WORK ORDER: The reply should contain only the lines from the start of the records through the line with "doc.units = ezdxf.units.M", reproduced verbatim and without pictures.
─── TASK DATA
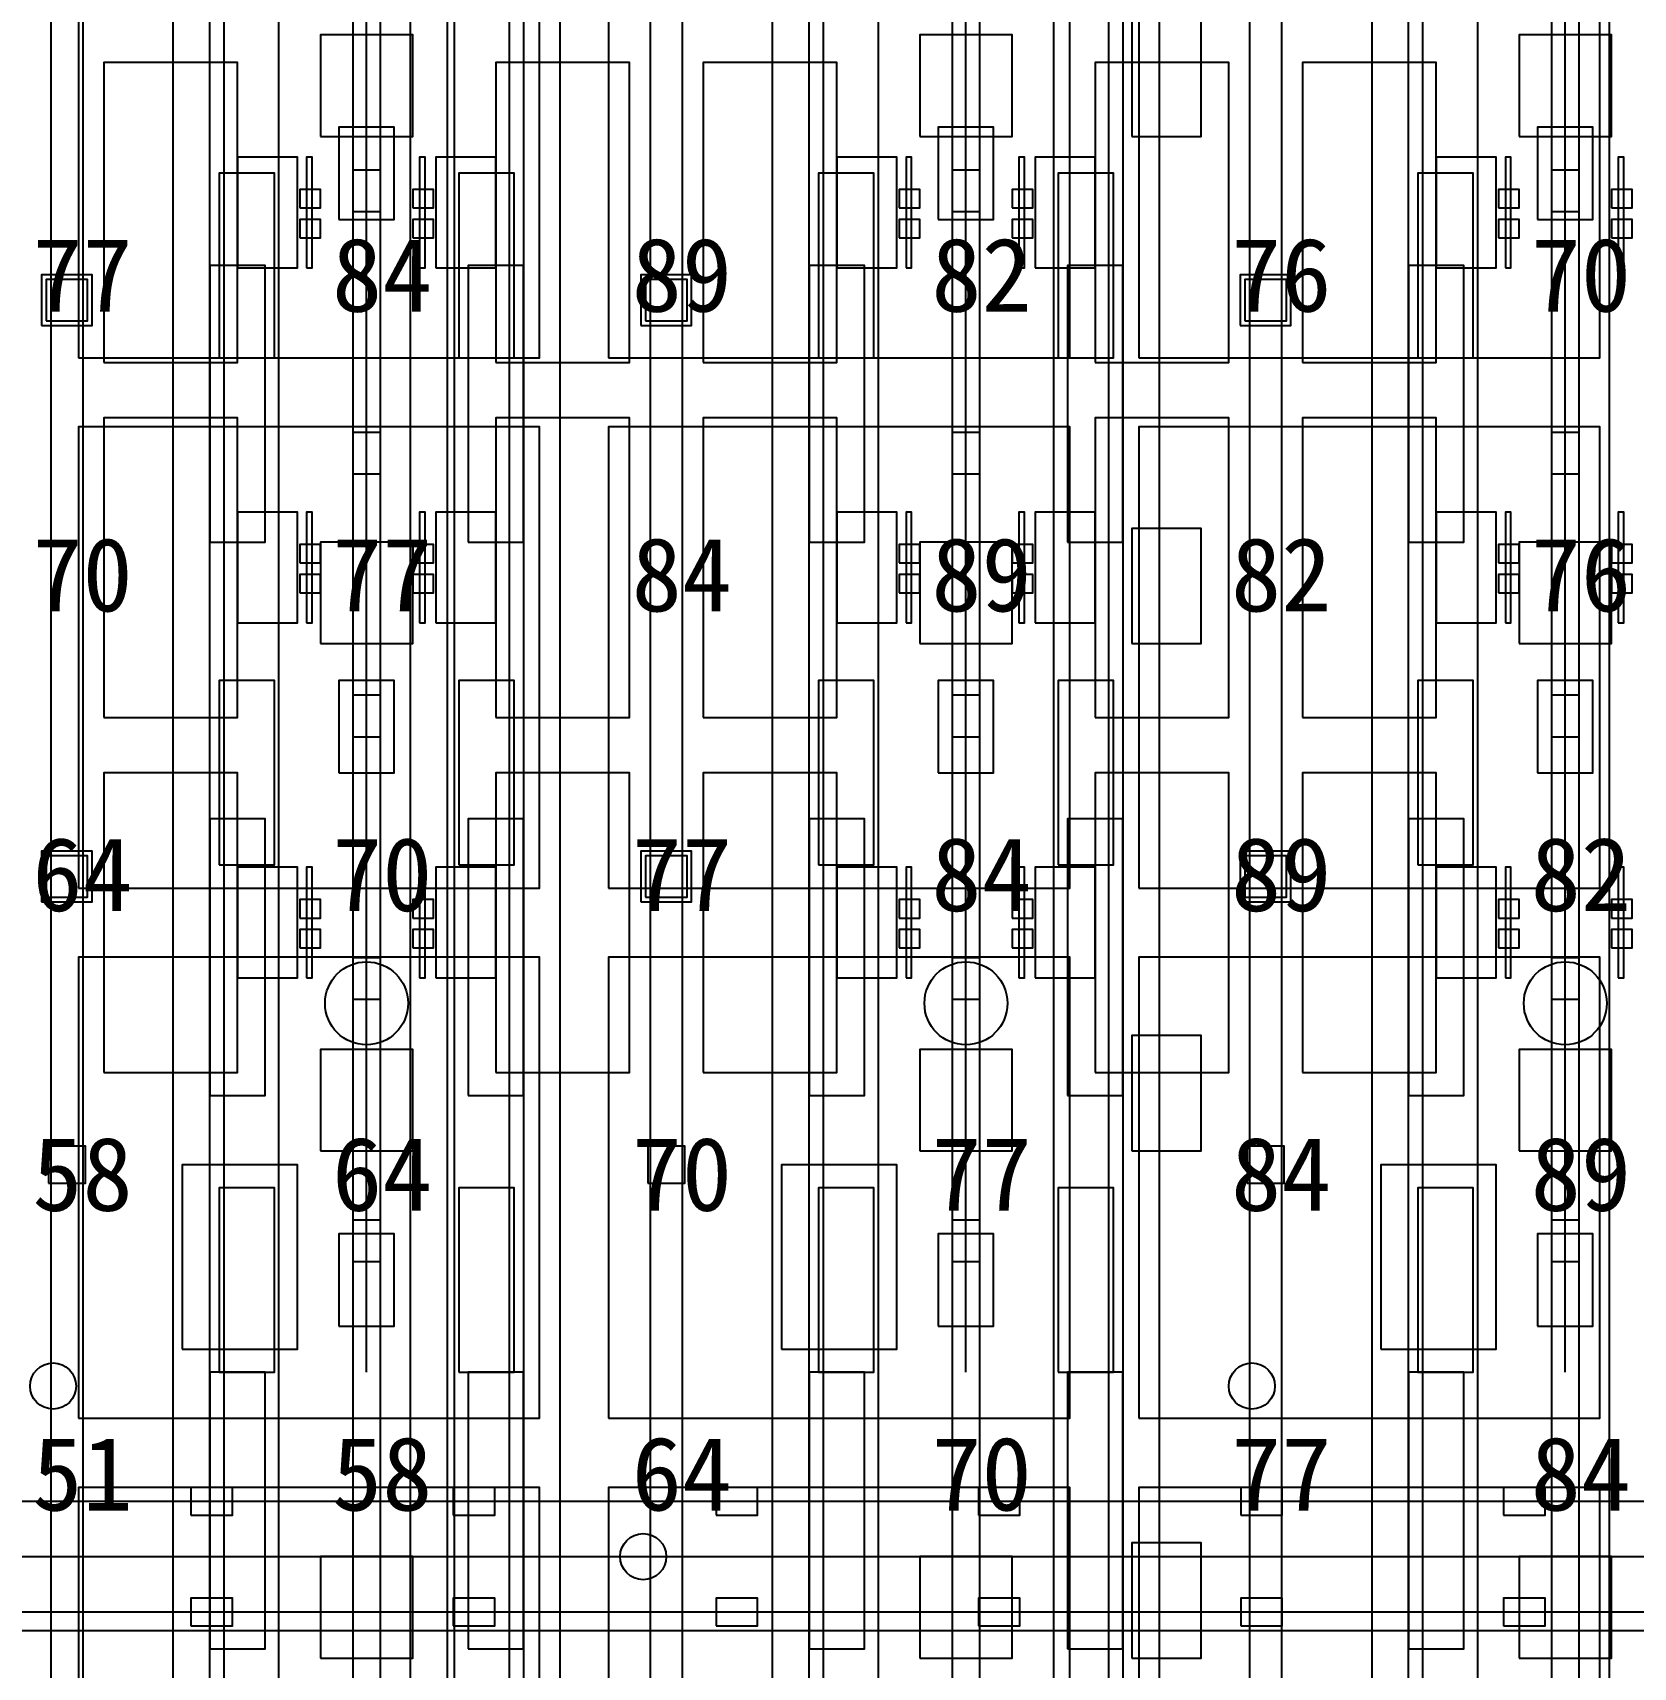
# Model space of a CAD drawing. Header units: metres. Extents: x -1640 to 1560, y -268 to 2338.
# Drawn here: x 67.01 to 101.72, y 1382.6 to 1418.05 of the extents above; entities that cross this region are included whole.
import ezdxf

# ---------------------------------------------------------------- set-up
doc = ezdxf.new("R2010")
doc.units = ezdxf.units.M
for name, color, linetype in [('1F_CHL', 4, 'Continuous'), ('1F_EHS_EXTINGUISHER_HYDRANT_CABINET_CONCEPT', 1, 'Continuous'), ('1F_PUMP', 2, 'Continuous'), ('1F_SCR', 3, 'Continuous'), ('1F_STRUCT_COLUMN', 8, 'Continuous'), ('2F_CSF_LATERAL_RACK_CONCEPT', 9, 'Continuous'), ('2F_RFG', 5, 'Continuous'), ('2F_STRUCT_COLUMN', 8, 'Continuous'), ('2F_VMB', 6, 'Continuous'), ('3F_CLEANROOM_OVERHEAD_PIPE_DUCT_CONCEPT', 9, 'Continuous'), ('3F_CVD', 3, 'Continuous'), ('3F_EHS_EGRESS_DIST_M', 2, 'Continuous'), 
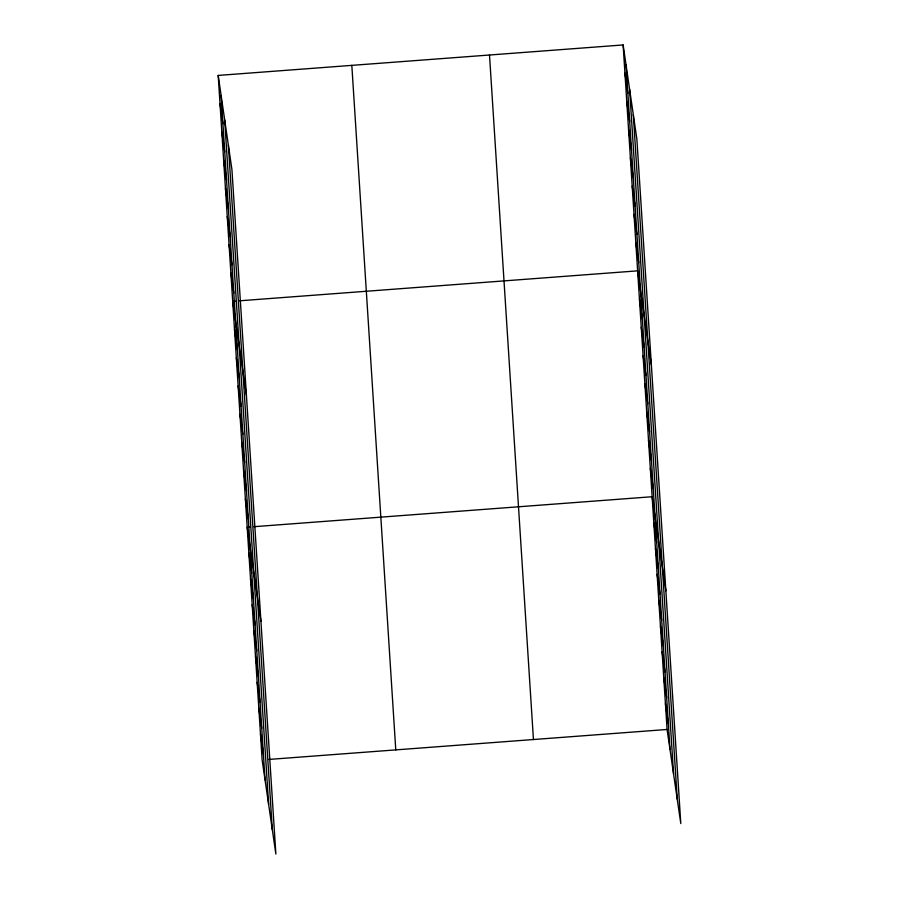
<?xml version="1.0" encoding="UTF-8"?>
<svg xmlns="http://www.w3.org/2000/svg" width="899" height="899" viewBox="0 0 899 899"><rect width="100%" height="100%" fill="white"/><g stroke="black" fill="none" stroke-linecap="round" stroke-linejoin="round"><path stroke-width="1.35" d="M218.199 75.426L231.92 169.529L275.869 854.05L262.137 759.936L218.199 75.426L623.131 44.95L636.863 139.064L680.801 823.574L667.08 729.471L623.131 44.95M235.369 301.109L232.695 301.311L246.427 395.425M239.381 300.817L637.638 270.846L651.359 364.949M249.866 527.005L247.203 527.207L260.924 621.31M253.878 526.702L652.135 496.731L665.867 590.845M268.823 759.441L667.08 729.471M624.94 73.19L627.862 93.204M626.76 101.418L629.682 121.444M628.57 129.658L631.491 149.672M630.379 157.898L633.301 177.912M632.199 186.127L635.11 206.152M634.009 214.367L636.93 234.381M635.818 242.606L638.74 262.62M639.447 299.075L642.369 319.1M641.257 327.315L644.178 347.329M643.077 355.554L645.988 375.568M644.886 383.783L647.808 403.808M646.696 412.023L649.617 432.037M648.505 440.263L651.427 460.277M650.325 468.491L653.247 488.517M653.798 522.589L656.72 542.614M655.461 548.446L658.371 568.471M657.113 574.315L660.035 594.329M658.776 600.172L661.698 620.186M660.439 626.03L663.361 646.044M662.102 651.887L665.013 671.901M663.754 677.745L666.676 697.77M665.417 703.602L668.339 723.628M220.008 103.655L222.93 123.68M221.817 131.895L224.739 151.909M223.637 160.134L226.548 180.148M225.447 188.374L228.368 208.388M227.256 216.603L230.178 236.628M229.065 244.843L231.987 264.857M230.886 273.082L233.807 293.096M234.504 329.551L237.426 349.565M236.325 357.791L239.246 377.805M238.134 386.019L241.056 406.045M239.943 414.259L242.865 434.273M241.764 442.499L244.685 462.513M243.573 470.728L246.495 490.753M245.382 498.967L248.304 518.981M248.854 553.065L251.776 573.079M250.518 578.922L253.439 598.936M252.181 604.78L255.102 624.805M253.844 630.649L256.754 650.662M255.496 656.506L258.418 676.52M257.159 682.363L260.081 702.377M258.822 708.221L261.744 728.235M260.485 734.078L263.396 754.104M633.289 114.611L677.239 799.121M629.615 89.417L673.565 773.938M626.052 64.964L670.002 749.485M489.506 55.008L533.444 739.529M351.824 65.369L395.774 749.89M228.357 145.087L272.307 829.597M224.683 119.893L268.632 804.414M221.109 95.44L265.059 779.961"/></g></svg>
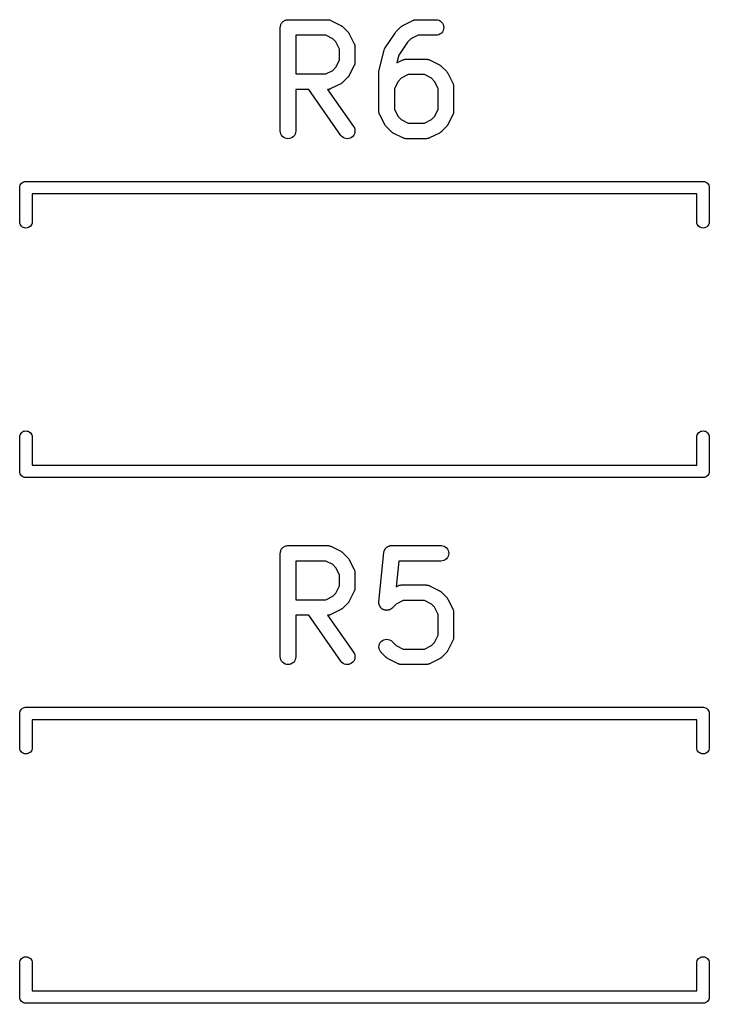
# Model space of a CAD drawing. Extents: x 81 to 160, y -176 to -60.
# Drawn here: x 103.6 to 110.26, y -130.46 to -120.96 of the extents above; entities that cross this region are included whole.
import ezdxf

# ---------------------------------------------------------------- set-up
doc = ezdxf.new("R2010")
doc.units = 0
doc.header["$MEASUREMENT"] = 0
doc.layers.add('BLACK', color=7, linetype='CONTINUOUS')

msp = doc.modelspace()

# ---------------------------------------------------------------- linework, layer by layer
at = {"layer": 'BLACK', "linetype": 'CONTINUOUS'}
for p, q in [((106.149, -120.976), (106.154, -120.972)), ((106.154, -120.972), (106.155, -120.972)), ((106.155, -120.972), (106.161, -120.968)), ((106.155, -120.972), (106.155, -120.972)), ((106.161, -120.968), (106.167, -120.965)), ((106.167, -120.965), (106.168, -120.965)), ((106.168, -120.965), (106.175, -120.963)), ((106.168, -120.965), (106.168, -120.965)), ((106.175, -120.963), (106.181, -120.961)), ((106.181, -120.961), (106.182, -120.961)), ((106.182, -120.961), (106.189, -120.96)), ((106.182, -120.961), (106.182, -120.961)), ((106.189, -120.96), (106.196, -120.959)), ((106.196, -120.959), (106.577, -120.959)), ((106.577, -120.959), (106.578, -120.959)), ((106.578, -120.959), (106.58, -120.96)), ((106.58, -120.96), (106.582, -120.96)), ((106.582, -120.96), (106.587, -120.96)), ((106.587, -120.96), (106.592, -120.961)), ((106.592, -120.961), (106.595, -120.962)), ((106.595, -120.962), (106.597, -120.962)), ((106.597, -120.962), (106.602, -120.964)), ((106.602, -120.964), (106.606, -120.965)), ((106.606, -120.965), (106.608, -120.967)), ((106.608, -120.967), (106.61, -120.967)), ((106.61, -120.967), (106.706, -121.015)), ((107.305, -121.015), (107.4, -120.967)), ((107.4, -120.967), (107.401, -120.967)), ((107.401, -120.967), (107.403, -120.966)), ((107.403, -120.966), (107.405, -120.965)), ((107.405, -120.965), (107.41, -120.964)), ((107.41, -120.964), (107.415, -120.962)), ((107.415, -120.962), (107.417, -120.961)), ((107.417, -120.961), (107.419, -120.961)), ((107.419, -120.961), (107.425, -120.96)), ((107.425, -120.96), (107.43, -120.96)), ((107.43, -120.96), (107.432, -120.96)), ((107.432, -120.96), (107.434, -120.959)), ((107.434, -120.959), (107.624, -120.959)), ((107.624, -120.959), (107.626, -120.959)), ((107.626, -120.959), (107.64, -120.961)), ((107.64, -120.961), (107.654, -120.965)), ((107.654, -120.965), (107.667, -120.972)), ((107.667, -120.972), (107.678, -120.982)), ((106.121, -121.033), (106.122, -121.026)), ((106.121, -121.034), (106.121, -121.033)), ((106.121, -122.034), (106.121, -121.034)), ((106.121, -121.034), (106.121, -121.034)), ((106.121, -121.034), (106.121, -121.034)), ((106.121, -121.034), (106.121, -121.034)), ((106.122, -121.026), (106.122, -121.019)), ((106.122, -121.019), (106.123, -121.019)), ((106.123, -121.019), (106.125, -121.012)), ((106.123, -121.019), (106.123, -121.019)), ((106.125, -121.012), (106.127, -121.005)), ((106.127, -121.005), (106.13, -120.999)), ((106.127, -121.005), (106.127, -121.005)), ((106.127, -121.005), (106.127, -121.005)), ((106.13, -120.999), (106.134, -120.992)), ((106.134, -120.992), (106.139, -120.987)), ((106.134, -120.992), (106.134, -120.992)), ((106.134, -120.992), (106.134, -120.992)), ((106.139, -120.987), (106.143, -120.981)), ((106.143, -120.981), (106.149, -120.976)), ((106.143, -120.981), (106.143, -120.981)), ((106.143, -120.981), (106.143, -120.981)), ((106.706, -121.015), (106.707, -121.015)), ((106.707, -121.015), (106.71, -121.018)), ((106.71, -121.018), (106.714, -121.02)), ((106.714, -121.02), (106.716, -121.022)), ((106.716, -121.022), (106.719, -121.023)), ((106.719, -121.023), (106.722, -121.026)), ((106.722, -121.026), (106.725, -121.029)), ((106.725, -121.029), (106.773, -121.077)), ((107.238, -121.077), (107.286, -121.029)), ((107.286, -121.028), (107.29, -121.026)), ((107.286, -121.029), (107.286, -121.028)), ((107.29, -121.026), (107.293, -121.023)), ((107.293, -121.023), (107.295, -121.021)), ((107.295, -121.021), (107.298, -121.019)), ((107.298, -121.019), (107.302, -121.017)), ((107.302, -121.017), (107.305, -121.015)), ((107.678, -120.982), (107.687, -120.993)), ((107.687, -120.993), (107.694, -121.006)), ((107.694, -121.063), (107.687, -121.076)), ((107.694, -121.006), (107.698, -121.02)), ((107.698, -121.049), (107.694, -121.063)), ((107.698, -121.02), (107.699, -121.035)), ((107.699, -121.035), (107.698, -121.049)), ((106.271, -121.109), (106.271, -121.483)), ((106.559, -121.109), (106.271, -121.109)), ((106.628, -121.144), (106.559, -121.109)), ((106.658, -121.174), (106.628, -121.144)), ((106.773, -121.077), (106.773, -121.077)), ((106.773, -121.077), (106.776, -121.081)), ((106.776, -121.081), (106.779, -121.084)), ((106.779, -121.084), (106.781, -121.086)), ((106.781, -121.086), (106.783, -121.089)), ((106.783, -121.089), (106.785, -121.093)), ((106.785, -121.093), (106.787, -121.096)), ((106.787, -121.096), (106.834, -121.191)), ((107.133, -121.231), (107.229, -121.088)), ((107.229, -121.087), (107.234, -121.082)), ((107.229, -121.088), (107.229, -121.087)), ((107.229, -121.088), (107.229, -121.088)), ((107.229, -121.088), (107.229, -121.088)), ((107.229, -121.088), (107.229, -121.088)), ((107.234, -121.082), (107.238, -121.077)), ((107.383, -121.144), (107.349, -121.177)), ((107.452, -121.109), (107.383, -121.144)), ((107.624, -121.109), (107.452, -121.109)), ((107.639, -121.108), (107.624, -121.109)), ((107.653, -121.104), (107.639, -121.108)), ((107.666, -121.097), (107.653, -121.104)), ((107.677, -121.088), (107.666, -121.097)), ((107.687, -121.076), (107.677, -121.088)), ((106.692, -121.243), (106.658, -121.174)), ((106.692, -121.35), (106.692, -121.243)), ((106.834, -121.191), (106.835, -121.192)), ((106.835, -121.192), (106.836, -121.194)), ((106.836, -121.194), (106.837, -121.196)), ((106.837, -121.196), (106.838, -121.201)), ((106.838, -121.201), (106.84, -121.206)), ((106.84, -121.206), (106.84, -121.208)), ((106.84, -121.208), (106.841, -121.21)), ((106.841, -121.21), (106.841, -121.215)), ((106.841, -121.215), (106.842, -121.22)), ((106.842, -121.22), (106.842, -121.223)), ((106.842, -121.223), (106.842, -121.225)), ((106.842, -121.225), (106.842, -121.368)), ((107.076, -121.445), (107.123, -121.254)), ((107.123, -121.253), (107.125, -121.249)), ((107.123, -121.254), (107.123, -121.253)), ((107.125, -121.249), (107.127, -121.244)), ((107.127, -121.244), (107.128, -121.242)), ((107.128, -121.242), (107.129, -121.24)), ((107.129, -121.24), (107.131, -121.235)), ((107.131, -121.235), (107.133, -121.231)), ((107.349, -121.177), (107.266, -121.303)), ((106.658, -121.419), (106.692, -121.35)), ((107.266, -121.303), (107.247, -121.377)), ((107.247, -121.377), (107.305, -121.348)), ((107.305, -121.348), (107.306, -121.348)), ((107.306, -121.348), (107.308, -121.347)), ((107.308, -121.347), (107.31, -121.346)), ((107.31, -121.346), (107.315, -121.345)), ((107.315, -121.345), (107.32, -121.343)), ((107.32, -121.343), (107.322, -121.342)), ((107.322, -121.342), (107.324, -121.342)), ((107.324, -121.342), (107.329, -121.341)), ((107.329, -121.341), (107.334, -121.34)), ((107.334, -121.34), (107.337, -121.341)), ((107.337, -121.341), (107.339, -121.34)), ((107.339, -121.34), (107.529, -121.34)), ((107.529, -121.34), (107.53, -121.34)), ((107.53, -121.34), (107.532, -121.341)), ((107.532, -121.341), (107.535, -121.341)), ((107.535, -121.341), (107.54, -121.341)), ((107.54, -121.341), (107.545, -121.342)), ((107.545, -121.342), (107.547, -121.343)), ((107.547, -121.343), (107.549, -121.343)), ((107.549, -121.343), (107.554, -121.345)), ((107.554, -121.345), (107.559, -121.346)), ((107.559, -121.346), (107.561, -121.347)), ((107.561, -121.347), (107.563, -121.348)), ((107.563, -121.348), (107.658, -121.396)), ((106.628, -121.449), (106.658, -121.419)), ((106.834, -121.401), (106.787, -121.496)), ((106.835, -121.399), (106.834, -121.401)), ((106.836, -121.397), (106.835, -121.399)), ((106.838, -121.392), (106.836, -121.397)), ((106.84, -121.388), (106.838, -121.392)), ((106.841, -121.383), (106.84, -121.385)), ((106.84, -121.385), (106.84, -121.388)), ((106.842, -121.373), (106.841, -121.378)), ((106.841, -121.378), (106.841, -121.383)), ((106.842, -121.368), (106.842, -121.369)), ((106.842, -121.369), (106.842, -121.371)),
──────
SOLUTION TO THIS EXERCISE:
# Model space of a CAD drawing. Header units: metres. Extents: x -1640 to 1560, y -268 to 2338.
# Drawn here: x 67.01 to 101.72, y 1382.6 to 1418.05 of the extents above; entities that cross this region are included whole.
import ezdxf

# ---------------------------------------------------------------- set-up
doc = ezdxf.new("R2010")
doc.units = ezdxf.units.M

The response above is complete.